EXERCISE AIM: Report all lines below with the word "units".

───── DATA EXCERPTS ─────

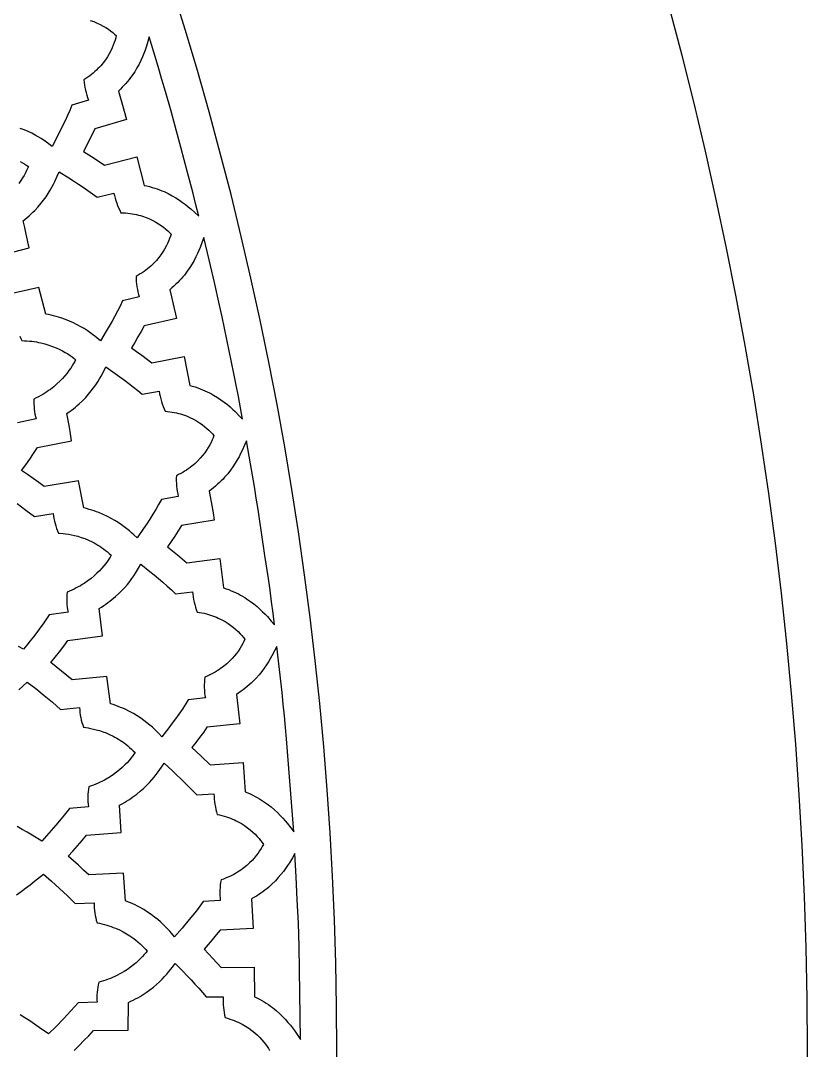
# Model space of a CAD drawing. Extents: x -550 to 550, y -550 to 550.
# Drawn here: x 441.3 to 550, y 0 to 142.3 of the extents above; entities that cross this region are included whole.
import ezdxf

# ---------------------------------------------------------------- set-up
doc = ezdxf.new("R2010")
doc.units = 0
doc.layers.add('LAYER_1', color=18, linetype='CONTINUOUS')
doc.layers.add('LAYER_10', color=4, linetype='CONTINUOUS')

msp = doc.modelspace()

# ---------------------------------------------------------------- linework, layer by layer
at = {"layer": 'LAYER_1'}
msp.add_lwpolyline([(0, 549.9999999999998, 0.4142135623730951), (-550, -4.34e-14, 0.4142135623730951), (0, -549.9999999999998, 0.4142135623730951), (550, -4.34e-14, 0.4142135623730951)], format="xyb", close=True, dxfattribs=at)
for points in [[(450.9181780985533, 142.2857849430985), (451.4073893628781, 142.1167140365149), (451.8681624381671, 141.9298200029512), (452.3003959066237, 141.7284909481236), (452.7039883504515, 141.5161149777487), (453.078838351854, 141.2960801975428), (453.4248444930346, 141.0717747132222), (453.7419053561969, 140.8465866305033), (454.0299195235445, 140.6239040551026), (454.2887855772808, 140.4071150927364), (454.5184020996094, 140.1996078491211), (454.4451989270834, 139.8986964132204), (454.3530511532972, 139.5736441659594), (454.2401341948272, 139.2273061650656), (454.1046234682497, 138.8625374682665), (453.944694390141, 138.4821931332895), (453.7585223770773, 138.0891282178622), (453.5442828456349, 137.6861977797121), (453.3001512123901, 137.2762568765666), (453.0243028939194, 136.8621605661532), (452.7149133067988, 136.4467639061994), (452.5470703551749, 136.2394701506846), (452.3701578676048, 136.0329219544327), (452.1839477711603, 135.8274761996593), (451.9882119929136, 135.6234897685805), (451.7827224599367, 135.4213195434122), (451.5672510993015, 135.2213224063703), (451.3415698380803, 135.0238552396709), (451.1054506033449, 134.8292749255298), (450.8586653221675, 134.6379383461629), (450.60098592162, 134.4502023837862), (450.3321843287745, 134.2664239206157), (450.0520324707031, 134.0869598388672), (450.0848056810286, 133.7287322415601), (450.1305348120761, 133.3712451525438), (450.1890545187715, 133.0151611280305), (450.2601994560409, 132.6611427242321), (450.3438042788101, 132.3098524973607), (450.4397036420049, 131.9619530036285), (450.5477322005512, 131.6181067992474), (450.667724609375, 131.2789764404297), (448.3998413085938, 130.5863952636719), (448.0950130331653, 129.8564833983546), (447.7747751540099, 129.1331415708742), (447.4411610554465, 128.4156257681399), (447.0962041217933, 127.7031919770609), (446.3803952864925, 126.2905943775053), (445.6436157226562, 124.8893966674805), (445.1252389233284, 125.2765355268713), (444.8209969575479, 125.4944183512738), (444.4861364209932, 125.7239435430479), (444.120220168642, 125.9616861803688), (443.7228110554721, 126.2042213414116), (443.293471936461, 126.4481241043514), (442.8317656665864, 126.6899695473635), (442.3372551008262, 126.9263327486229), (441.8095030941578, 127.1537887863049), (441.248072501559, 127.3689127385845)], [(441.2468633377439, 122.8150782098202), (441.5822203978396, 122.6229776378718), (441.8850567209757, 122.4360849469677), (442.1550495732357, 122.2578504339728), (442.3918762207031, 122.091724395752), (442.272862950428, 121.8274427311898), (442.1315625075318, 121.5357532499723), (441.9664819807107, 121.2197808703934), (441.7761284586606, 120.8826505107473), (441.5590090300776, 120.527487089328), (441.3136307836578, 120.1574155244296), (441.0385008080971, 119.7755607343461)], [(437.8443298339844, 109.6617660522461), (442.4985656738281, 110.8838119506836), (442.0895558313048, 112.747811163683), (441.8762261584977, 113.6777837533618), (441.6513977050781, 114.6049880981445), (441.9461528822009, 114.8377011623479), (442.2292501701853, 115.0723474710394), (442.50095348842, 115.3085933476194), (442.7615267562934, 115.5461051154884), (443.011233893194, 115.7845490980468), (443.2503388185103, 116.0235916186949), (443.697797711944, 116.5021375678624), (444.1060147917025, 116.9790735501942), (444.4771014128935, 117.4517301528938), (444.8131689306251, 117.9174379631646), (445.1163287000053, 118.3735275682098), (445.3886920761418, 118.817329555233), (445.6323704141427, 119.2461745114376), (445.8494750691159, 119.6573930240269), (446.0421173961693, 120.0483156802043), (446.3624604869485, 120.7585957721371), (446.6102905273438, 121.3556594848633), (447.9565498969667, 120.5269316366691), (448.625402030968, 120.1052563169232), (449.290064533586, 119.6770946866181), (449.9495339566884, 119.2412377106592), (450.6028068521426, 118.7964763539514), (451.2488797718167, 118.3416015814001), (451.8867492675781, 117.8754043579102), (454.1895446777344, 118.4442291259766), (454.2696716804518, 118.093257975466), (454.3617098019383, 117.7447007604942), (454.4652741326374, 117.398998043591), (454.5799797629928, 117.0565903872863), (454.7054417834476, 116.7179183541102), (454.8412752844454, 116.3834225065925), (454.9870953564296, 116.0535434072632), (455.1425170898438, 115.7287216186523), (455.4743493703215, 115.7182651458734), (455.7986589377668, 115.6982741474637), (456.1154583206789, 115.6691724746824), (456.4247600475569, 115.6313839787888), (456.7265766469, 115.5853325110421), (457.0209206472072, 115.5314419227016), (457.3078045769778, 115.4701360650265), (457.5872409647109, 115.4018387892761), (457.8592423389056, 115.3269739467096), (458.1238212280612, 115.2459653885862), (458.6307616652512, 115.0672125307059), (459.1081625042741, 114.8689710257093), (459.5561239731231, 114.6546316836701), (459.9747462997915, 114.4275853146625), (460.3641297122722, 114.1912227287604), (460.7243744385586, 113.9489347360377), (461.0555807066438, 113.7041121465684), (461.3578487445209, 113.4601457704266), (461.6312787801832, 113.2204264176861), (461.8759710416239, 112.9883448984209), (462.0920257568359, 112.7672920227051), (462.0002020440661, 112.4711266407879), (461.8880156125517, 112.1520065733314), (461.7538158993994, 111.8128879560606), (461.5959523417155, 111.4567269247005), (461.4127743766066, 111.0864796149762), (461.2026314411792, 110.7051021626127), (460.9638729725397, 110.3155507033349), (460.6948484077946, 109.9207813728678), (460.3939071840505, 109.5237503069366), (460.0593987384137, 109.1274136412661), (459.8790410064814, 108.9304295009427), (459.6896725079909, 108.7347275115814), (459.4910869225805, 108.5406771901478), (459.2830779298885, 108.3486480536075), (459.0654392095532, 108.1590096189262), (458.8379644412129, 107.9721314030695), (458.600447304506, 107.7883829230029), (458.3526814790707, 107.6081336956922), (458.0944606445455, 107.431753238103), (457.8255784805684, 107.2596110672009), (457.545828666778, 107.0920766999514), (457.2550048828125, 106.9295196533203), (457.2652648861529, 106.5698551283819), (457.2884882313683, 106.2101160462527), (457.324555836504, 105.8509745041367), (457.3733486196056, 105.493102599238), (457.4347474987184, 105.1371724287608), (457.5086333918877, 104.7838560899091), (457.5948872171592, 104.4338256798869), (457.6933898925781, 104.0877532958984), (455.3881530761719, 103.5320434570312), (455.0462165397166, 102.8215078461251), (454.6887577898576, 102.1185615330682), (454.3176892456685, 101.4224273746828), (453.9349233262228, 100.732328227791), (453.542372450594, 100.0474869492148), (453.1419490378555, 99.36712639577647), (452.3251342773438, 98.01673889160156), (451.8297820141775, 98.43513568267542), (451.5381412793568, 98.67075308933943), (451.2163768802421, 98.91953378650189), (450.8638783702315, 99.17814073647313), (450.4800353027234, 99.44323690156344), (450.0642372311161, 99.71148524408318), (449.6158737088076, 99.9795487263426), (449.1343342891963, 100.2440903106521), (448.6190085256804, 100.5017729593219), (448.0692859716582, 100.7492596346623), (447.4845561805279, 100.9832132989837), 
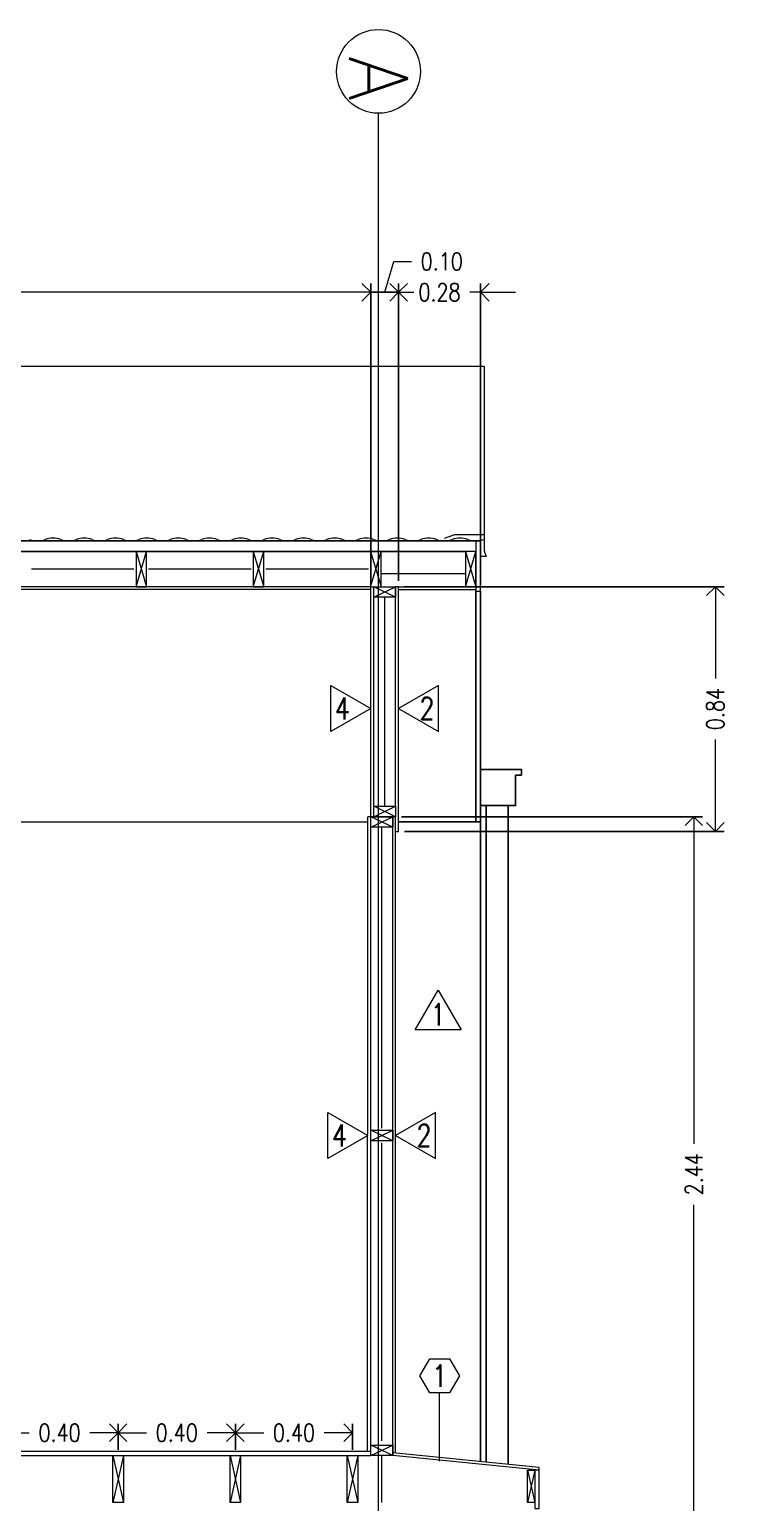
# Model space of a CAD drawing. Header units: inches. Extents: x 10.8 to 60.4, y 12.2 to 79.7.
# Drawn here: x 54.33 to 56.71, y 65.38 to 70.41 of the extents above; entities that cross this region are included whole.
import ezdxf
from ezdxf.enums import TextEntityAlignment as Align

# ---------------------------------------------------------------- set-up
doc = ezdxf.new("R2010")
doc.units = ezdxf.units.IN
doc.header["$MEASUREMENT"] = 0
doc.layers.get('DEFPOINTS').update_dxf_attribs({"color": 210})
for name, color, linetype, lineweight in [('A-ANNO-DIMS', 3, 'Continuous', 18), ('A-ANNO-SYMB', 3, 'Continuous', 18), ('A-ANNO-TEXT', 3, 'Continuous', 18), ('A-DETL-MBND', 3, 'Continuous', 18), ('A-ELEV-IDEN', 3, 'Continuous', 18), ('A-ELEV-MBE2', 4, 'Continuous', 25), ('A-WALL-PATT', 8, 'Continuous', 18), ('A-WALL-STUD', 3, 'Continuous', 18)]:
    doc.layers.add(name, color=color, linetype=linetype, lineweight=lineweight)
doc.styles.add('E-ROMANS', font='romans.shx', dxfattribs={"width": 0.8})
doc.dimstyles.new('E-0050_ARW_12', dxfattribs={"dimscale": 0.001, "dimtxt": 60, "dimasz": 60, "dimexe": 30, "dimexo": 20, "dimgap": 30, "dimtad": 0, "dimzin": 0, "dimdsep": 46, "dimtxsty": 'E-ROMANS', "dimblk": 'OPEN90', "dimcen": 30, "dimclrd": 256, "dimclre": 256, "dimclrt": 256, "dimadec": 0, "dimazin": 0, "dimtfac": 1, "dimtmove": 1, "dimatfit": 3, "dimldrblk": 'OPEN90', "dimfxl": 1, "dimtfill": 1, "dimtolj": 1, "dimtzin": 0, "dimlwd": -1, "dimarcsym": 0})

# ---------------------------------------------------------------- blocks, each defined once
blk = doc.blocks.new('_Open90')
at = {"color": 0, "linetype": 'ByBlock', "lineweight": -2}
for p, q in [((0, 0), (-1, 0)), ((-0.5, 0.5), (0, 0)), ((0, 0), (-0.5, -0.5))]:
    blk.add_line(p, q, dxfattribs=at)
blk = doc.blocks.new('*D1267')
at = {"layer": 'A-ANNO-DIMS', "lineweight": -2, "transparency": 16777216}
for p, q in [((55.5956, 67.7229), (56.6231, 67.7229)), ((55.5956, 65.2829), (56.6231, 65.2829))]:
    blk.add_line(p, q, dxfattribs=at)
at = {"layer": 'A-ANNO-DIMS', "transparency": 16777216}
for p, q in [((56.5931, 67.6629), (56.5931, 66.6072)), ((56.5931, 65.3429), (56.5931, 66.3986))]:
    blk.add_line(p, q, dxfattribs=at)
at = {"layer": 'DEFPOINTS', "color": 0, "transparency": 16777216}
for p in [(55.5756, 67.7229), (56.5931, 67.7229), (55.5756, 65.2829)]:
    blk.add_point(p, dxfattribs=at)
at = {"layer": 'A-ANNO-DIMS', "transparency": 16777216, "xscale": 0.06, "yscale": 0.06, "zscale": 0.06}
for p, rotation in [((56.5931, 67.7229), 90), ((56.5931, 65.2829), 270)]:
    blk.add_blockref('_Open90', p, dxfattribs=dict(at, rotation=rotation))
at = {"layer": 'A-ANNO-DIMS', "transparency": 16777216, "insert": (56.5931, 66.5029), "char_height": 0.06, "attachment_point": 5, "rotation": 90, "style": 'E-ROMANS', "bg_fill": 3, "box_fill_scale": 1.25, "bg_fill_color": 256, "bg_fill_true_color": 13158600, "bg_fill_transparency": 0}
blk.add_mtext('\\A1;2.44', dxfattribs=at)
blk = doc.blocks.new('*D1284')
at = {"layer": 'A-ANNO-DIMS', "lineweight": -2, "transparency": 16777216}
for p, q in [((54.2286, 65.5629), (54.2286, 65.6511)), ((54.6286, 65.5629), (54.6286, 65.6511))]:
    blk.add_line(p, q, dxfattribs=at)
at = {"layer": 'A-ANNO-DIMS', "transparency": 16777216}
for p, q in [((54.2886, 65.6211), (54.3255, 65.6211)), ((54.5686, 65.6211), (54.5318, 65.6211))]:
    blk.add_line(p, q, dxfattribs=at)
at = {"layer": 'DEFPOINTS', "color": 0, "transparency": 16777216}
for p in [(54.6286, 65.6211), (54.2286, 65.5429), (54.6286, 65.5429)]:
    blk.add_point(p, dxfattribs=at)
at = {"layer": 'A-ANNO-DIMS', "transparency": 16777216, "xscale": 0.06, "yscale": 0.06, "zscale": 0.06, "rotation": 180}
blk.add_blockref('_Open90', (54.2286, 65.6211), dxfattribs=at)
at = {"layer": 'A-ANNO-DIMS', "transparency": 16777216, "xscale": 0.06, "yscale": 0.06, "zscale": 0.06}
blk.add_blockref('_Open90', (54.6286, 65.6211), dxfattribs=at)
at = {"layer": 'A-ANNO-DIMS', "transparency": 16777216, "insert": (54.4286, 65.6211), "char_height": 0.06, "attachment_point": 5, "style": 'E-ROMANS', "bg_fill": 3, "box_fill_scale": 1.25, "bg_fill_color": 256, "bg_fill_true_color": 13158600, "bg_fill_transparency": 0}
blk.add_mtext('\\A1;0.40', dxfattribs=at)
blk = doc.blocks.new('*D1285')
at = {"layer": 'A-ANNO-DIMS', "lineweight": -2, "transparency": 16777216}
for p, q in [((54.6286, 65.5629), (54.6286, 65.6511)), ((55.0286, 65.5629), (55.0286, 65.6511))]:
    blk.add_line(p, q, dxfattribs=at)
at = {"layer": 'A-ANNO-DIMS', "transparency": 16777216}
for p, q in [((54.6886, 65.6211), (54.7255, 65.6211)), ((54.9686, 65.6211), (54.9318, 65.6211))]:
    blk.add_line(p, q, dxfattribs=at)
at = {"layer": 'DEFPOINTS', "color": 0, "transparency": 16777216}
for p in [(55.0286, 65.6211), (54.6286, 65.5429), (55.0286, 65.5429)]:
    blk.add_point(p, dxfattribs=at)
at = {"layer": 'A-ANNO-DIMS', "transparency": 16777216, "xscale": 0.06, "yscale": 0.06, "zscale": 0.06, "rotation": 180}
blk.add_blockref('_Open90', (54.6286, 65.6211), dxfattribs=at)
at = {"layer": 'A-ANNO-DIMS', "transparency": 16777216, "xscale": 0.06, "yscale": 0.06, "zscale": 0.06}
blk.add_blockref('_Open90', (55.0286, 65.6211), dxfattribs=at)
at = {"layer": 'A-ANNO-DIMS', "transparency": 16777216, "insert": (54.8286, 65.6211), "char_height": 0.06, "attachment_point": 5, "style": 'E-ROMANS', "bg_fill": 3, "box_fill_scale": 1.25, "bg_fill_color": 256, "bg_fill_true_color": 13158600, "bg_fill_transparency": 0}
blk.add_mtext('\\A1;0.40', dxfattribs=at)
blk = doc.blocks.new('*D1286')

─────

RESULT:
doc.units = 0
# Model space of a CAD drawing. Header units: inches. Extents: x 10.8 to 60.4, y 12.2 to 79.7.
doc.units = ezdxf.units.IN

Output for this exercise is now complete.